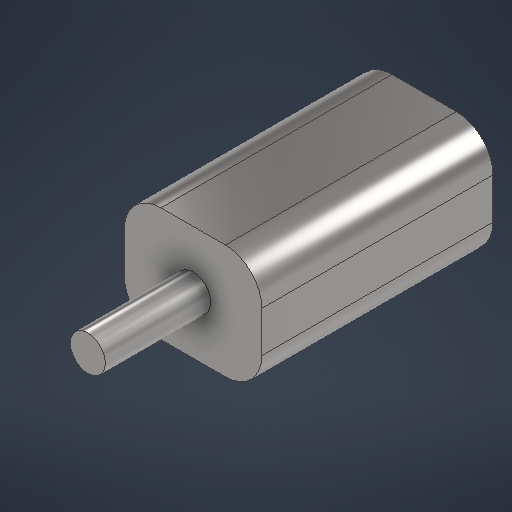
# Autodesk Inventor part: OGGearMotor
Saved by Autodesk Inventor 2027 (Build 310192060, 192F)
## iProperties
Created: 2026-07-12
Part Number: OGGearMotor
Material: Steel, Carbon
Document SubType Name: Modeling
Designer: machnach0
Density: 7.85 g/cm^3
Appearance: Semi-Polished
Author: machnach0
Autodesk Inventor part; units mm, degrees
ref_plane "YZ Plane" through (0, 0, 0) normal (1, 0, 0) x (0, 1, 0)
ref_plane "XZ Plane" through (0, 0, 0) normal (0, 1, 0) x (-1, 0, 0)
ref_plane "XY Plane" through (0, 0, 0) normal (0, 0, 1) x (1, 0, 0)
sketch "Sketch1" plane through (0, 0, 0) normal (0, 0, 1) x (1, 0, 0)
  line L0 (0, 0) -> (11.938, 0)
  line L1 (11.938, 0) -> (11.938, 9.906)
  line L2 (11.938, 9.906) -> (0, 9.906)
  line L3 (0, 9.906) -> (0, 0)
  circle A0 centre (5.969, 4.953) radius 1.524
  point P0 (0, 4.953)
  point P1 (5.969, 9.906)
  dimension "d0" = 11.938
  dimension "d1" = 9.906
  dimension "d2" = 3.048
  constraints: 8 end point, 2 midpoint, 2 parallel, 1 centre point, 1 horizontal, 1 horizontal alignment, 1 perpendicular, 1 vertical alignment
  measures "d0" distance of L1.end L2.end
  measures "d1" distance of L0.end L1.end
  measures "d2" diameter of A0
extrude "Extrusion1" add sketch "Sketch1" along normal blind 20.066 contours L3 L2 L1 L0 | A0
extrude "Extrusion2" add sketch "Sketch1" along normal blind 29.21 contours A0
fillet "Fillet1" radius 3.175 4 edges at (11.938, 9.906, 10.033) (11.938, 0, 10.033) (0, 9.906, 10.033) (0, 0, 10.033)
body "Solid1"

=====

◆ INSTRUCTIONS TO FOLLOW
Using the records above, copy word for word the line with "Density: 7.85 g/cm^3", the line with "constraints: 8 end", and every line between them.

◆ EXERCISE SOLUTION
Density: 7.85 g/cm^3
Appearance: Semi-Polished
Author: machnach0
Autodesk Inventor part; units mm, degrees
ref_plane "YZ Plane" through (0, 0, 0) normal (1, 0, 0) x (0, 1, 0)
ref_plane "XZ Plane" through (0, 0, 0) normal (0, 1, 0) x (-1, 0, 0)
ref_plane "XY Plane" through (0, 0, 0) normal (0, 0, 1) x (1, 0, 0)
sketch "Sketch1" plane through (0, 0, 0) normal (0, 0, 1) x (1, 0, 0)
  line L0 (0, 0) -> (11.938, 0)
  line L1 (11.938, 0) -> (11.938, 9.906)
  line L2 (11.938, 9.906) -> (0, 9.906)
  line L3 (0, 9.906) -> (0, 0)
  circle A0 centre (5.969, 4.953) radius 1.524
  point P0 (0, 4.953)
  point P1 (5.969, 9.906)
  dimension "d0" = 11.938
  dimension "d1" = 9.906
  dimension "d2" = 3.048
  constraints: 8 end point, 2 midpoint, 2 parallel, 1 centre point, 1 horizontal, 1 horizontal alignment, 1 perpendicular, 1 vertical alignment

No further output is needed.